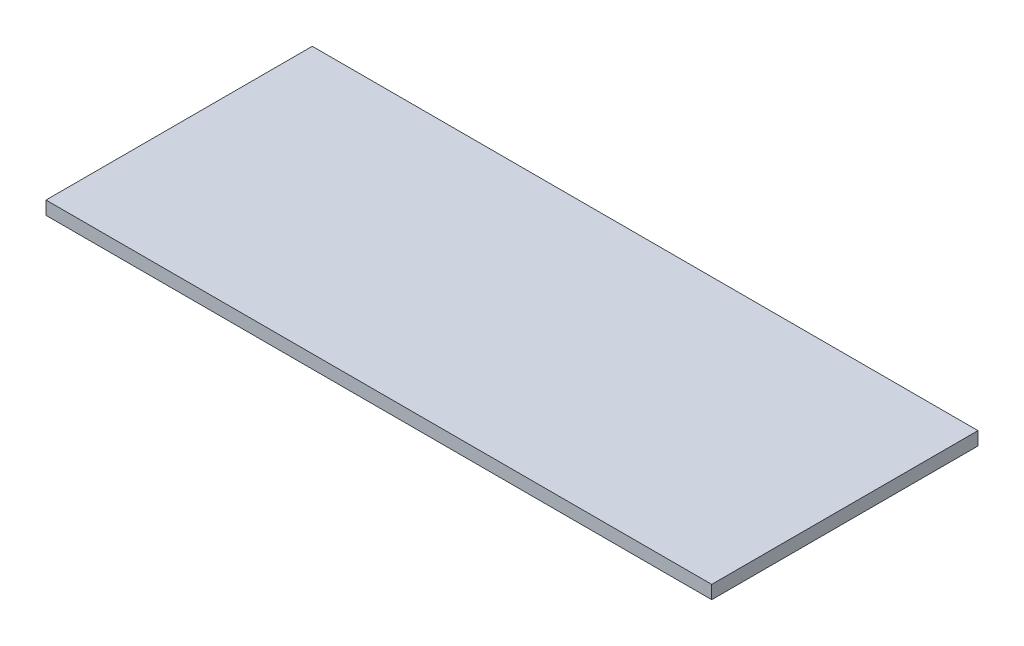
ISO-10303-21;
HEADER;
FILE_DESCRIPTION(('STEP AP214'),'2;1');
FILE_NAME('part.step','',(''),(''),'','','');
FILE_SCHEMA(('AUTOMOTIVE_DESIGN { 1 0 10303 214 1 1 1 1 }'));
ENDSEC;
DATA;
#1=APPLICATION_CONTEXT('core data for automotive mechanical design processes');
#2=APPLICATION_PROTOCOL_DEFINITION('international standard','automotive_design',2000,#1);
#3=PRODUCT_CONTEXT('',#1,'mechanical');
#4=PRODUCT('Part','Part','',(#3));
#5=PRODUCT_RELATED_PRODUCT_CATEGORY('part','',(#4));
#6=PRODUCT_DEFINITION_FORMATION('','',#4);
#7=PRODUCT_DEFINITION_CONTEXT('part definition',#1,'design');
#8=PRODUCT_DEFINITION('design','',#6,#7);
#9=PRODUCT_DEFINITION_SHAPE('','',#8);
#10=(LENGTH_UNIT() NAMED_UNIT(*) SI_UNIT(.MILLI.,.METRE.));
#11=(NAMED_UNIT(*) PLANE_ANGLE_UNIT() SI_UNIT($,.RADIAN.));
#12=(NAMED_UNIT(*) SI_UNIT($,.STERADIAN.) SOLID_ANGLE_UNIT());
#13=UNCERTAINTY_MEASURE_WITH_UNIT(LENGTH_MEASURE(1.E-05),#10,'distance_accuracy_value','');
#14=(GEOMETRIC_REPRESENTATION_CONTEXT(3) GLOBAL_UNCERTAINTY_ASSIGNED_CONTEXT((#13)) GLOBAL_UNIT_ASSIGNED_CONTEXT((#10,
#11,#12)) REPRESENTATION_CONTEXT('',''));
#15=CARTESIAN_POINT('',(0.,0.,0.));
#16=DIRECTION('',(0.,0.,1.));
#17=DIRECTION('',(1.,0.,0.));
#18=AXIS2_PLACEMENT_3D('',#15,#16,#17);
#19=CARTESIAN_POINT('',(1250.,50.,-500.));
#20=DIRECTION('',(-1.,0.,0.));
#21=DIRECTION('',(0.,0.,1.));
#22=AXIS2_PLACEMENT_3D('',#19,#20,#21);
#23=PLANE('',#22);
#24=DIRECTION('',(0.,0.,-1.));
#25=VECTOR('',#24,1.);
#26=CARTESIAN_POINT('',(1250.,0.,-500.));
#27=LINE('',#26,#25);
#28=CARTESIAN_POINT('',(1250.,0.,500.));
#29=VERTEX_POINT('',#28);
#30=CARTESIAN_POINT('',(1250.,0.,-500.));
#31=VERTEX_POINT('',#30);
#32=EDGE_CURVE('E107',#29,#31,#27,.T.);
#33=ORIENTED_EDGE('',*,*,#32,.T.);
#34=DIRECTION('',(0.,-1.,0.));
#35=VECTOR('',#34,1.);
#36=CARTESIAN_POINT('',(1250.,50.,-500.));
#37=LINE('',#36,#35);
#38=CARTESIAN_POINT('',(1250.,50.,-500.));
#39=VERTEX_POINT('',#38);
#40=EDGE_CURVE('E11',#39,#31,#37,.T.);
#41=ORIENTED_EDGE('',*,*,#40,.F.);
#42=DIRECTION('',(0.,0.,-1.));
#43=VECTOR('',#42,1.);
#44=CARTESIAN_POINT('',(1250.,50.,-500.));
#45=LINE('',#44,#43);
#46=CARTESIAN_POINT('',(1250.,50.,500.));
#47=VERTEX_POINT('',#46);
#48=EDGE_CURVE('E91',#47,#39,#45,.T.);
#49=ORIENTED_EDGE('',*,*,#48,.F.);
#50=DIRECTION('',(0.,-1.,0.));
#51=VECTOR('',#50,1.);
#52=CARTESIAN_POINT('',(1250.,50.,500.));
#53=LINE('',#52,#51);
#54=EDGE_CURVE('E103',#47,#29,#53,.T.);
#55=ORIENTED_EDGE('',*,*,#54,.T.);
#56=EDGE_LOOP('',(#33,#41,#49,#55));
#57=FACE_BOUND('',#56,.T.);
#58=ADVANCED_FACE('F39',(#57),#23,.F.);
#59=CARTESIAN_POINT('',(-1250.,50.,-500.));
#60=DIRECTION('',(0.,0.,1.));
#61=DIRECTION('',(1.,0.,0.));
#62=AXIS2_PLACEMENT_3D('',#59,#60,#61);
#63=PLANE('',#62);
#64=DIRECTION('',(-1.,0.,0.));
#65=VECTOR('',#64,1.);
#66=CARTESIAN_POINT('',(-1250.,0.,-500.));
#67=LINE('',#66,#65);
#68=CARTESIAN_POINT('',(-1250.,0.,-500.));
#69=VERTEX_POINT('',#68);
#70=EDGE_CURVE('E96',#31,#69,#67,.T.);
#71=ORIENTED_EDGE('',*,*,#70,.T.);
#72=DIRECTION('',(0.,-1.,0.));
#73=VECTOR('',#72,1.);
#74=CARTESIAN_POINT('',(-1250.,50.,-500.));
#75=LINE('',#74,#73);
#76=CARTESIAN_POINT('',(-1250.,50.,-500.));
#77=VERTEX_POINT('',#76);
#78=EDGE_CURVE('E48',#77,#69,#75,.T.);
#79=ORIENTED_EDGE('',*,*,#78,.F.);
#80=DIRECTION('',(-1.,0.,0.));
#81=VECTOR('',#80,1.);
#82=CARTESIAN_POINT('',(-1250.,50.,-500.));
#83=LINE('',#82,#81);
#84=EDGE_CURVE('E86',#39,#77,#83,.T.);
#85=ORIENTED_EDGE('',*,*,#84,.F.);
#86=ORIENTED_EDGE('',*,*,#40,.T.);
#87=EDGE_LOOP('',(#71,#79,#85,#86));
#88=FACE_BOUND('',#87,.T.);
#89=ADVANCED_FACE('F95',(#88),#63,.F.);
#90=CARTESIAN_POINT('',(-1250.,50.,-500.));
#91=DIRECTION('',(1.,0.,0.));
#92=DIRECTION('',(0.,0.,-1.));
#93=AXIS2_PLACEMENT_3D('',#90,#91,#92);
#94=PLANE('',#93);
#95=DIRECTION('',(0.,0.,1.));
#96=VECTOR('',#95,1.);
#97=CARTESIAN_POINT('',(-1250.,0.,-500.));
#98=LINE('',#97,#96);
#99=CARTESIAN_POINT('',(-1250.,0.,500.));
#100=VERTEX_POINT('',#99);
#101=EDGE_CURVE('E73',#69,#100,#98,.T.);
#102=ORIENTED_EDGE('',*,*,#101,.T.);
#103=DIRECTION('',(0.,-1.,0.));
#104=VECTOR('',#103,1.);
#105=CARTESIAN_POINT('',(-1250.,50.,500.));
#106=LINE('',#105,#104);
#107=CARTESIAN_POINT('',(-1250.,50.,500.));
#108=VERTEX_POINT('',#107);
#109=EDGE_CURVE('E98',#108,#100,#106,.T.);
#110=ORIENTED_EDGE('',*,*,#109,.F.);
#111=DIRECTION('',(0.,0.,1.));
#112=VECTOR('',#111,1.);
#113=CARTESIAN_POINT('',(-1250.,50.,-500.));
#114=LINE('',#113,#112);
#115=EDGE_CURVE('E89',#77,#108,#114,.T.);
#116=ORIENTED_EDGE('',*,*,#115,.F.);
#117=ORIENTED_EDGE('',*,*,#78,.T.);
#118=EDGE_LOOP('',(#102,#110,#116,#117));
#119=FACE_BOUND('',#118,.T.);
#120=ADVANCED_FACE('F99',(#119),#94,.F.);
#121=CARTESIAN_POINT('',(-1250.,50.,500.));
#122=DIRECTION('',(0.,0.,-1.));
#123=DIRECTION('',(-1.,0.,0.));
#124=AXIS2_PLACEMENT_3D('',#121,#122,#123);
#125=PLANE('',#124);
#126=DIRECTION('',(1.,0.,0.));
#127=VECTOR('',#126,1.);
#128=CARTESIAN_POINT('',(-1250.,0.,500.));
#129=LINE('',#128,#127);
#130=EDGE_CURVE('E79',#100,#29,#129,.T.);
#131=ORIENTED_EDGE('',*,*,#130,.T.);
#132=ORIENTED_EDGE('',*,*,#54,.F.);
#133=DIRECTION('',(1.,0.,0.));
#134=VECTOR('',#133,1.);
#135=CARTESIAN_POINT('',(-1250.,50.,500.));
#136=LINE('',#135,#134);
#137=EDGE_CURVE('E56',#108,#47,#136,.T.);
#138=ORIENTED_EDGE('',*,*,#137,.F.);
#139=ORIENTED_EDGE('',*,*,#109,.T.);
#140=EDGE_LOOP('',(#131,#132,#138,#139));
#141=FACE_BOUND('',#140,.T.);
#142=ADVANCED_FACE('F120',(#141),#125,.F.);
#143=CARTESIAN_POINT('',(0.,50.,0.));
#144=DIRECTION('',(0.,1.,0.));
#145=DIRECTION('',(0.,0.,1.));
#146=AXIS2_PLACEMENT_3D('',#143,#144,#145);
#147=PLANE('',#146);
#148=ORIENTED_EDGE('',*,*,#48,.T.);
#149=ORIENTED_EDGE('',*,*,#84,.T.);
#150=ORIENTED_EDGE('',*,*,#115,.T.);
#151=ORIENTED_EDGE('',*,*,#137,.T.);
#152=EDGE_LOOP('',(#148,#149,#150,#151));
#153=FACE_BOUND('',#152,.T.);
#154=ADVANCED_FACE('F87',(#153),#147,.T.);
#155=CARTESIAN_POINT('',(0.,0.,0.));
#156=DIRECTION('',(0.,1.,0.));
#157=DIRECTION('',(0.,0.,1.));
#158=AXIS2_PLACEMENT_3D('',#155,#156,#157);
#159=PLANE('',#158);
#160=ORIENTED_EDGE('',*,*,#32,.F.);
#161=ORIENTED_EDGE('',*,*,#130,.F.);
#162=ORIENTED_EDGE('',*,*,#101,.F.);
#163=ORIENTED_EDGE('',*,*,#70,.F.);
#164=EDGE_LOOP('',(#160,#161,#162,#163));
#165=FACE_BOUND('',#164,.T.);
#166=ADVANCED_FACE('F123',(#165),#159,.F.);
#167=CLOSED_SHELL('',(#58,#89,#120,#142,#154,#166));
#168=MANIFOLD_SOLID_BREP('B2',#167);
#169=ADVANCED_BREP_SHAPE_REPRESENTATION('',(#18,#168),#14);
#170=SHAPE_DEFINITION_REPRESENTATION(#9,#169);
ENDSEC;
END-ISO-10303-21;

▶ [ACTION ITEM]: Would you please copy, word for word, everything above from the line containing "#142=ADVANCED_FACE('F120',(#141),#125,.F.);" down to the line containing "#157=DIRECTION('',(0.,0.,1.));", those two lines included?

▶ [WRITTEN RESPONSE]:
#142=ADVANCED_FACE('F120',(#141),#125,.F.);
#143=CARTESIAN_POINT('',(0.,50.,0.));
#144=DIRECTION('',(0.,1.,0.));
#145=DIRECTION('',(0.,0.,1.));
#146=AXIS2_PLACEMENT_3D('',#143,#144,#145);
#147=PLANE('',#146);
#148=ORIENTED_EDGE('',*,*,#48,.T.);
#149=ORIENTED_EDGE('',*,*,#84,.T.);
#150=ORIENTED_EDGE('',*,*,#115,.T.);
#151=ORIENTED_EDGE('',*,*,#137,.T.);
#152=EDGE_LOOP('',(#148,#149,#150,#151));
#153=FACE_BOUND('',#152,.T.);
#154=ADVANCED_FACE('F87',(#153),#147,.T.);
#155=CARTESIAN_POINT('',(0.,0.,0.));
#156=DIRECTION('',(0.,1.,0.));
#157=DIRECTION('',(0.,0.,1.));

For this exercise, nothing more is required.